In Wing Chun everything is powered by rotation, from the outset every time we connect with a partner / opponent the contact point, our wrist / bridge, is on the outer edge of a rotating spherical shape, hence the analogy of the Ball that gets used.  What takes some time to become fully aware of is that the vast majority of the rotations are coming from an axis point that is not in the centre of the sphere, the rotation is eccentric rotation, all of our arm movements are eccentric rotation due to the fact that our arm connects to our shoulder on part of the circumference of the imaginary ball not somewhere inside it, we do not rotate around our shoulder but from our shoulder, this point is important to be comfortable with.

When we engage in Chum Kiu we refer to moving from the hips, the hips are on the outside of the body, the rotation is anchored to the supporting leg that is also on the outside edge of the body, pivoting is moving in an arc from one supporting leg to another, the weight shift and lateral movement inherent in this type of action is one of our power generators, this is sometimes referred to as shifting our axis, I prefer to see this as moving to a new axis, either way it is not a fixed central axis, rotating on a fixed centre is spinning and does not increase power.  There is no need to over think this it is what our body does naturally, it is how we walk for one thing.

Biu Gee upper body movement {and it is only upper body movement that we study in Biu Gee, the waist is always Chum Kiu and the arms are always the first Form} is the only concentric rotation in Wing Chun, our complete shoulder girdle rotates around our central axis, our spine, which is firmly anchored on top of our pelvis which allows for rotation that is independent of the pelvis even though it is usually used in conjunction it is two actions working independently side by side and not two becoming one.

As I mentioned in the last post each Form has its own associated set of IDEAs that we ultimately need to resolve into the unified Form that is the Siu Lim Tao proper, this is why my reference of choice is the first Form most of the time instead of Siu Lim Tao Form.

words are just vehicles for painting pictures of IDEAs.

The most difficult part of teaching anything is in finding the correct way to describe the event we are involved in, Wing Chun is full of descriptions designed to create an image in our minds eye, we create analogies to aid understanding, balls, triangles and centre lines for example, analogies are at best only similar, they are never the same, when something is not the same we are to a very large extent talking about something that is not what we are involved in, it becomes misinformation to a degree, some of the analogies I use in my own teaching method are “Inflatable Skeleton and Overcoat Body”, very useful to create an image feeling but completely false when faced with the reality of what is happening.

Most of the standard explanations for Wing Chun rotation that I have heard are in the same vein, useful in painting mental pictures but completely false when faced with the reality of what is happening.

Something we all know instinctively but have difficulty understanding is that bones are not something that  move of their own accord, they need to be moved, and it is whatever is moving our bones that brings about rotation, not our hips, or shoulders and definitely not our spine.
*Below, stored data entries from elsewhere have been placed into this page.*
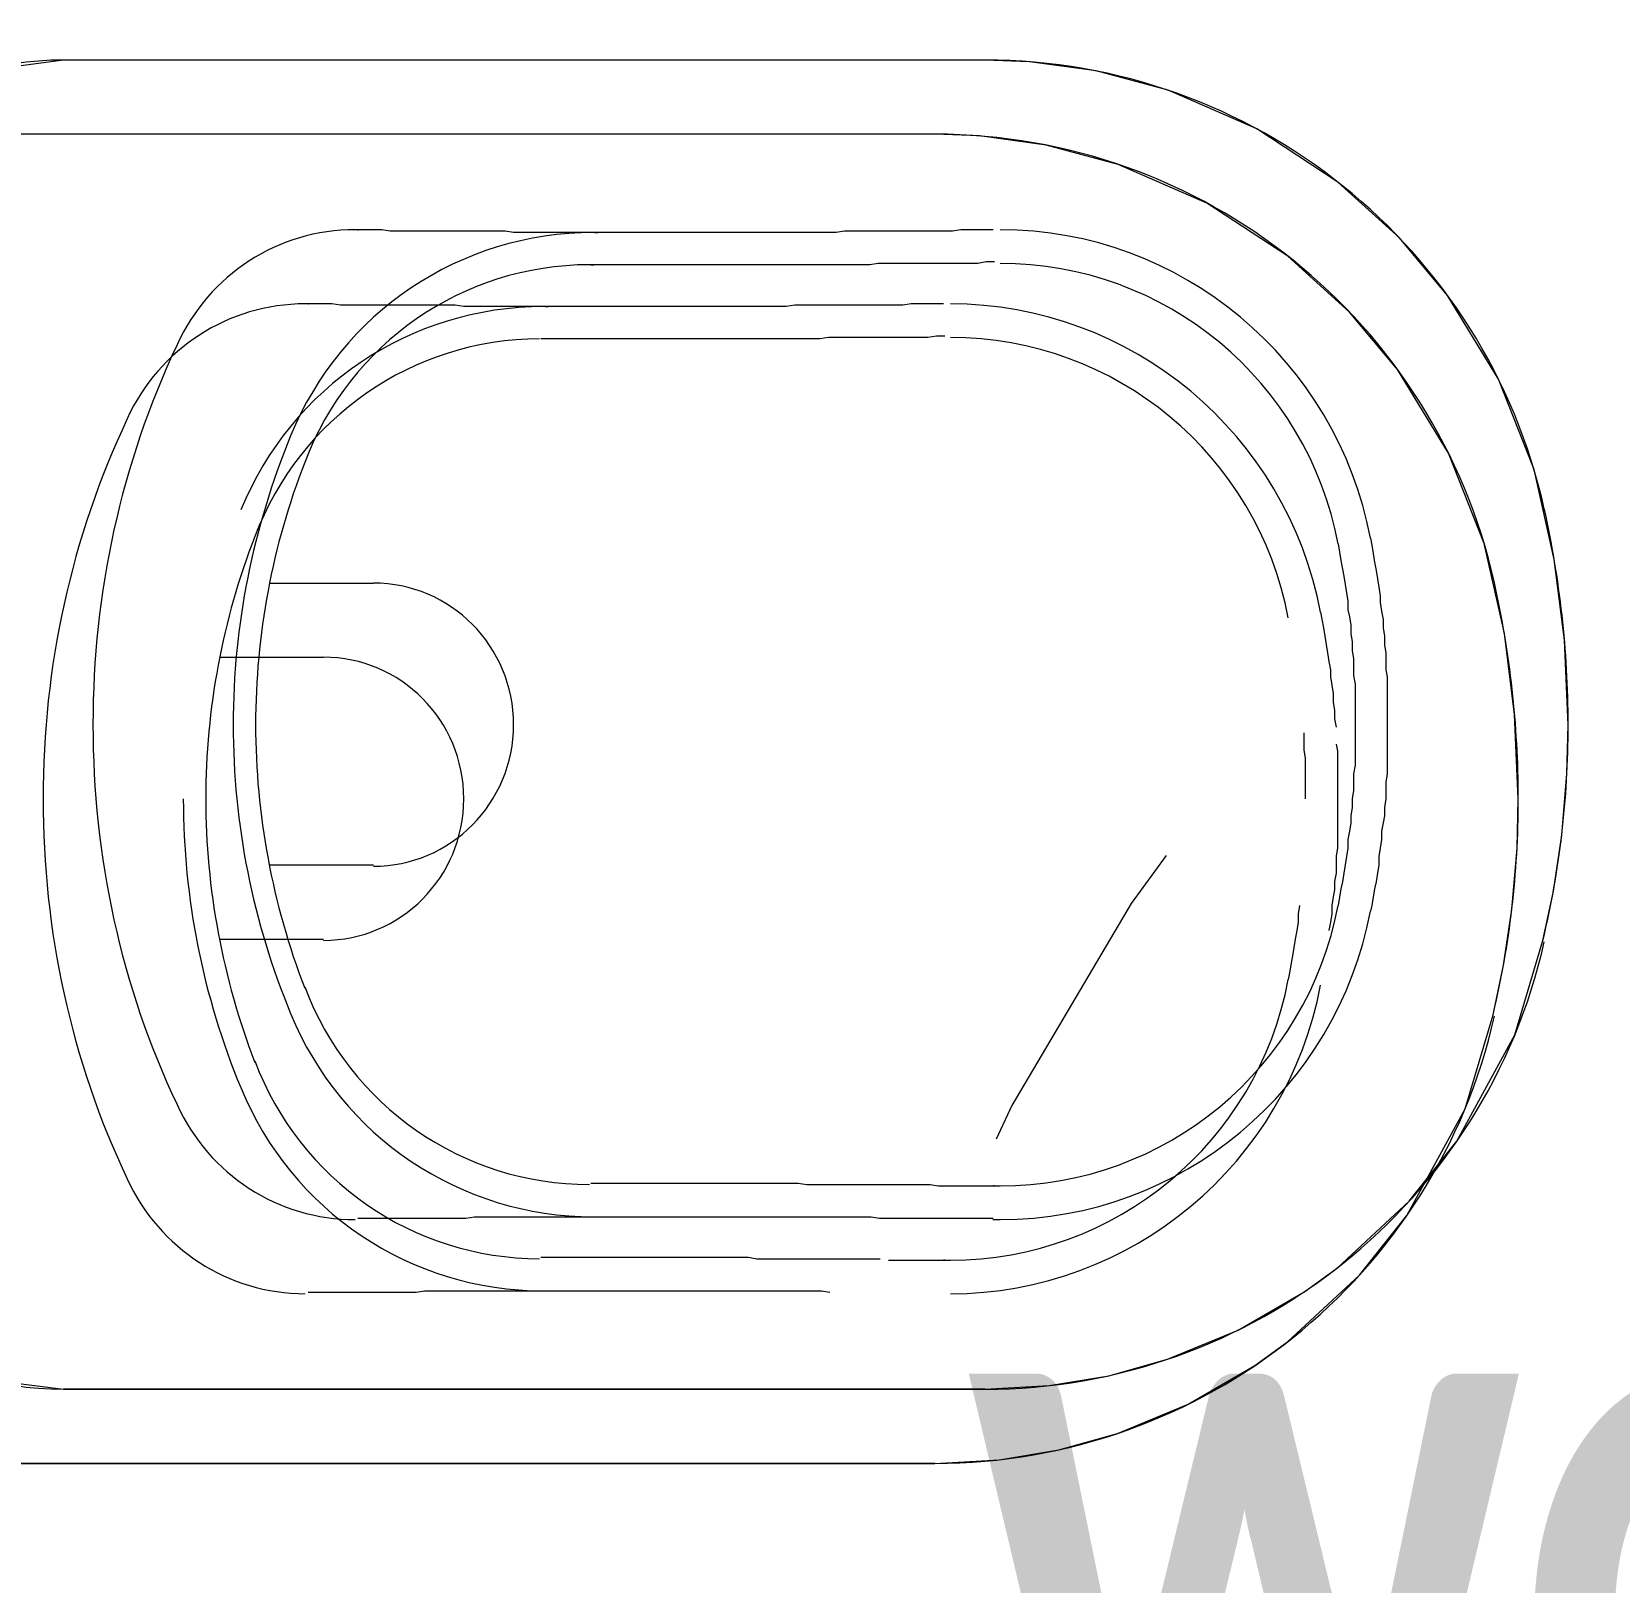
# Model space of a CAD drawing. Extents: x -14.2 to 52.3, y 3.7 to 90.9.
# Drawn here: x 29.1211 to 29.6004, y 20.1537 to 20.6218 of the extents above; entities that cross this region are included whole.
import ezdxf

# ---------------------------------------------------------------- set-up
doc = ezdxf.new("R2010")
doc.units = 0
doc.linetypes.add('limpo_PINI-PSG-PE-0102-LAZ-R00$0$IMPORT-IMPORT-DASHDOT', pattern=[1, 0.5, -0.25, 0, -0.25])
doc.layers.add('limpo_PINI-PSG-PE-0102-LAZ-R00$0$0-16', color=7, linetype='limpo_PINI-PSG-PE-0102-LAZ-R00$0$IMPORT-IMPORT-DASHDOT', lineweight=5, true_color=0x999999)
doc.layers.add('limpo_PINI-PSG-PE-0102-LAZ-R00$0$0-8', color=7, linetype='Continuous', lineweight=5, true_color=0x999999)
for name, color, linetype, lineweight in [('limpo_PINI-PSG-PE-0102-LAZ-R00$0$0-20', 7, 'Continuous', 5), ('limpo_PINI-PSG-PE-0102-LAZ-R00$0$A-AREA-IDEN', 2, 'Continuous', 5), ('limpo_PINI-PSG-PE-0102-LAZ-R00$0$LAYOUT_AMB_LAZ_dwg', 8, 'Continuous', 5)]:
    doc.layers.add(name, color=color, linetype=linetype, lineweight=lineweight)
doc.layers.add('limpo_PINI-PSG-PE-0102-LAZ-R00$0$XR_ARQT', color=7, linetype='Continuous')
doc.layers.add('XR_ARQT', color=7, linetype='Continuous')
doc.styles.add('limpo_PINI-PSG-PE-0102-LAZ-R00$0$Calibri_B', font='calibrib.ttf', dxfattribs={"width": 0.8, "height": 150})

# ---------------------------------------------------------------- blocks, each defined once
blk = doc.blocks.new('limpo_PINI-PSG-PE-0102-LAZ-R00$0$LAZ GERAL - PNE_dwg-25011385-009 - PRE - PAV_ LAZER - GERAL')
at = {"layer": 'limpo_PINI-PSG-PE-0102-LAZ-R00$0$0-16'}
blk.add_arc((8.45336, -4.88281), 0.75, 4.0418, 355.9582, dxfattribs=at)
at = {"layer": 'limpo_PINI-PSG-PE-0102-LAZ-R00$0$0-20', "flags": 128}
blk.add_lwpolyline([(7.47958, -4.61549), (7.50356, -4.61852), (7.78169, -4.61852), (7.80107, -4.61744), (7.81911, -4.61443), (7.83683, -4.60949), (7.85814, -4.60068), (7.87827, -4.589), (7.88814, -4.58183), (7.90983, -4.56173), (7.92419, -4.54366), (7.94172, -4.51148), (7.95017, -4.48306), (7.95332, -4.46811), (7.95585, -4.45126), (7.95741, -4.43275), (7.95779, -4.4179), (7.9567, -4.39239), (7.95358, -4.36801), (7.9475, -4.34083), (7.93673, -4.31352), (7.92136, -4.28824), (7.90685, -4.2709), (7.88826, -4.25403), (7.86381, -4.238), (7.83701, -4.2263), (7.81528, -4.22049), (7.79517, -4.21773), (7.78169, -4.2172), (7.50356, -4.2172), (7.47846, -4.22057)], dxfattribs=at)
at = {"layer": 'limpo_PINI-PSG-PE-0102-LAZ-R00$0$0-8'}
for points in [[(7.50356, -4.2172), (7.50356, -4.2172), (7.46292, -4.2172), (7.42693, -4.24303), (7.41381, -4.28113)], [(7.59161, -4.26843), (7.59161, -4.26843), (7.56833, -4.26843), (7.54758, -4.28197), (7.53785, -4.30314)], [(7.66358, -4.26927), (7.66358, -4.26927), (7.62336, -4.26927), (7.58738, -4.2934), (7.57214, -4.33066)], [(7.66231, -4.27901), (7.66231, -4.27901), (7.62421, -4.27901), (7.58992, -4.30272), (7.57637, -4.3387)], [(7.95779, -4.41786), (7.95779, -4.41786), (7.95779, -4.39543), (7.95525, -4.37384), (7.9506, -4.35267)], [(7.63945, -4.41786), (7.63945, -4.41786), (7.63945, -4.39416), (7.6204, -4.37511), (7.59711, -4.37511)], [(7.78634, -4.55714), (7.78634, -4.55714), (7.8363, -4.55714), (7.87905, -4.52158), (7.88837, -4.47247)], [(7.78634, -4.5673), (7.78634, -4.5673), (7.84095, -4.5673), (7.88794, -4.52793), (7.8981, -4.47417)], [(7.78169, -4.61852), (7.78169, -4.61852), (7.86254, -4.61852), (7.93282, -4.56222), (7.9506, -4.48348)]]:
    blk.add_open_spline(points, degree=3, knots=[0.3333333, 0.3333333, 0.3333333, 0.3333333, 0.3333333, 1, 1, 1, 1], dxfattribs=at)
for points in [[(7.78169, -4.2172), (7.78169, -4.2172), (7.50356, -4.2172), (7.50356, -4.2172)], [(7.9506, -4.35267), (7.93282, -4.27351), (7.86254, -4.2172), (7.78169, -4.2172)], [(7.59246, -4.26843), (7.59288, -4.26843), (7.59246, -4.26843), (7.59161, -4.26843)], [(7.59965, -4.26843), (7.59965, -4.26843), (7.59246, -4.26843), (7.59246, -4.26843)], [(7.60219, -4.26885), (7.60219, -4.26885), (7.59965, -4.26843), (7.59965, -4.26843)], [(7.63691, -4.26885), (7.63691, -4.26885), (7.60219, -4.26885), (7.60219, -4.26885)], [(7.63945, -4.26927), (7.63945, -4.26927), (7.63691, -4.26885), (7.63691, -4.26885)], [(7.73681, -4.26927), (7.73681, -4.26927), (7.63945, -4.26927), (7.63945, -4.26927)], [(7.664, -4.26927), (7.66527, -4.26927), (7.66527, -4.26927), (7.66358, -4.26927)], [(7.73935, -4.26885), (7.73935, -4.26885), (7.73681, -4.26927), (7.73681, -4.26927)], [(7.77195, -4.26885), (7.77195, -4.26885), (7.73935, -4.26885), (7.73935, -4.26885)], [(7.77449, -4.26843), (7.77449, -4.26843), (7.77195, -4.26885), (7.77195, -4.26885)], [(7.78423, -4.26843), (7.78423, -4.26843), (7.77449, -4.26843), (7.77449, -4.26843)], [(7.8981, -4.36156), (7.88794, -4.3078), (7.84095, -4.26843), (7.78634, -4.26843)], [(7.66273, -4.27901), (7.664, -4.27901), (7.664, -4.27901), (7.66231, -4.27901)], [(7.74697, -4.27901), (7.74697, -4.27901), (7.66273, -4.27901), (7.66273, -4.27901)], [(7.74951, -4.27859), (7.74951, -4.27859), (7.74697, -4.27901), (7.74697, -4.27901)], [(7.77957, -4.27859), (7.77957, -4.27859), (7.74951, -4.27859), (7.74951, -4.27859)], [(7.78211, -4.27816), (7.78211, -4.27816), (7.77957, -4.27859), (7.77957, -4.27859)], [(7.78465, -4.27816), (7.78465, -4.27816), (7.78211, -4.27816), (7.78211, -4.27816)], [(7.88837, -4.36325), (7.87905, -4.31415), (7.8363, -4.27859), (7.78634, -4.27859)], [(7.53785, -4.30314), (7.52091, -4.33912), (7.51245, -4.37807), (7.51245, -4.41786)], [(7.57214, -4.33066), (7.56071, -4.3586), (7.55478, -4.38781), (7.55478, -4.41786)], [(7.57637, -4.3387), (7.56663, -4.36368), (7.56155, -4.39077), (7.56155, -4.41786)], [(7.88837, -4.36325), (7.88837, -4.36325), (7.88879, -4.36579), (7.88879, -4.36579)], [(7.88879, -4.36579), (7.88879, -4.36579), (7.88921, -4.36833), (7.88921, -4.36833)], [(7.8981, -4.36156), (7.8981, -4.36156), (7.89853, -4.36368), (7.89853, -4.36368)], [(7.89853, -4.36368), (7.89853, -4.36368), (7.89895, -4.36622), (7.89895, -4.36622)], [(7.88921, -4.36833), (7.88921, -4.36833), (7.88964, -4.37087), (7.88964, -4.37087)], [(7.89895, -4.36622), (7.89895, -4.36622), (7.89937, -4.36876), (7.89937, -4.36876)], [(7.89937, -4.36876), (7.89937, -4.36876), (7.8998, -4.3713), (7.8998, -4.3713)], [(7.56579, -4.37511), (7.56579, -4.37511), (7.59711, -4.37511), (7.59711, -4.37511)], [(7.88964, -4.37087), (7.88964, -4.37087), (7.89006, -4.37299), (7.89006, -4.37299)], [(7.89006, -4.37299), (7.89006, -4.37299), (7.89048, -4.37553), (7.89048, -4.37553)], [(7.8998, -4.3713), (7.8998, -4.3713), (7.90022, -4.37384), (7.90022, -4.37384)], [(7.90022, -4.37384), (7.90022, -4.37384), (7.90064, -4.37638), (7.90064, -4.37638)], [(7.89048, -4.37553), (7.89048, -4.37553), (7.89091, -4.37807), (7.89091, -4.37807)], [(7.89091, -4.37807), (7.89091, -4.37807), (7.89133, -4.38061), (7.89133, -4.38061)], [(7.90064, -4.37638), (7.90064, -4.37638), (7.90107, -4.37892), (7.90107, -4.37892)], [(7.90107, -4.37892), (7.90107, -4.37892), (7.90107, -4.38103), (7.90107, -4.38103)], [(7.89133, -4.38061), (7.89133, -4.38061), (7.89133, -4.38315), (7.89133, -4.38315)], [(7.89133, -4.38315), (7.89133, -4.38315), (7.89175, -4.38527), (7.89175, -4.38527)], [(7.90107, -4.38103), (7.90107, -4.38103), (7.90149, -4.38357), (7.90149, -4.38357)], [(7.90149, -4.38357), (7.90149, -4.38357), (7.90191, -4.38611), (7.90191, -4.38611)], [(7.89175, -4.38527), (7.89175, -4.38527), (7.89218, -4.38781), (7.89218, -4.38781)], [(7.89218, -4.38781), (7.89218, -4.38781), (7.89218, -4.39035), (7.89218, -4.39035)], [(7.90191, -4.38611), (7.90191, -4.38611), (7.90191, -4.38865), (7.90191, -4.38865)], [(7.90191, -4.38865), (7.90191, -4.38865), (7.90234, -4.39119), (7.90234, -4.39119)], [(7.89218, -4.39035), (7.89218, -4.39035), (7.8926, -4.39289), (7.8926, -4.39289)], [(7.8926, -4.39289), (7.8926, -4.39289), (7.8926, -4.39543), (7.8926, -4.39543)], [(7.90234, -4.39119), (7.90234, -4.39119), (7.90234, -4.39373), (7.90234, -4.39373)], [(7.90234, -4.39373), (7.90234, -4.39373), (7.90276, -4.39627), (7.90276, -4.39627)], [(7.8926, -4.39543), (7.8926, -4.39543), (7.89302, -4.39797), (7.89302, -4.39797)], [(7.89302, -4.39797), (7.89302, -4.39797), (7.89302, -4.40305), (7.89302, -4.40305)], [(7.90276, -4.39627), (7.90276, -4.39627), (7.90276, -4.40135), (7.90276, -4.40135)], [(7.89302, -4.40305), (7.89302, -4.40305), (7.89345, -4.40559), (7.89345, -4.40559)], [(7.90276, -4.40135), (7.90276, -4.40135), (7.90318, -4.40347), (7.90318, -4.40347)], [(7.90318, -4.40347), (7.90318, -4.40347), (7.90318, -4.41786), (7.90318, -4.41786)], [(7.89345, -4.40559), (7.89345, -4.40559), (7.89345, -4.41786), (7.89345, -4.41786)], [(7.51245, -4.41786), (7.51245, -4.45766), (7.52091, -4.49703), (7.53785, -4.53259)], [(7.55478, -4.41786), (7.55478, -4.44792), (7.56071, -4.47755), (7.57214, -4.50507)], [(7.56155, -4.41786), (7.56155, -4.44496), (7.56663, -4.47205), (7.57637, -4.49745)], [(7.59711, -4.46062), (7.6204, -4.46062), (7.63945, -4.44157), (7.63945, -4.41786)], [(7.89345, -4.41786), (7.89345, -4.41786), (7.89345, -4.43014), (7.89345, -4.43014)], [(7.90318, -4.41786), (7.90318, -4.41786), (7.90318, -4.43268), (7.90318, -4.43268)], [(7.95017, -4.48306), (7.95525, -4.46189), (7.95779, -4.4403), (7.95779, -4.41786)], [(7.89345, -4.43014), (7.89345, -4.43014), (7.89302, -4.43268), (7.89302, -4.43268)], [(7.89302, -4.43268), (7.89302, -4.43268), (7.89302, -4.43776), (7.89302, -4.43776)], [(7.90318, -4.43268), (7.90318, -4.43268), (7.90276, -4.43522), (7.90276, -4.43522)], [(7.90276, -4.43522), (7.90276, -4.43522), (7.90276, -4.4403), (7.90276, -4.4403)], [(7.89302, -4.43776), (7.89302, -4.43776), (7.8926, -4.4403), (7.8926, -4.4403)], [(7.8926, -4.4403), (7.8926, -4.4403), (7.8926, -4.44284), (7.8926, -4.44284)], [(7.90276, -4.4403), (7.90276, -4.4403), (7.90234, -4.44284), (7.90234, -4.44284)], [(7.8926, -4.44284), (7.8926, -4.44284), (7.89218, -4.44538), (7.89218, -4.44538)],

As someone that has undergone 6 spinal operations including spinal fusion and pinning I know intimately that vertebrae are not intended to move individually, at my Sifu’s school it was referred to in this way during Biu Gee instruction, the IDEA that you can rotate the vertebrae one at a time in an ascending order may help draw a picture but it is not how the spine works, when anything twists or winds it compresses becomes smaller and more dense, think of wringing a face cloth.

Unwinding has a very real and important part to play as well, although it is an integral part of Biu Gee it is often overlooked, to a certain extent all Chum Kiu rotation is unwinding, hence my describing it as expansive.  Another of my own analogies is that Chum Kiu opens the cupboard doors and Biu Gee closes them, a useful mental image that has nothing to do with what is occurring.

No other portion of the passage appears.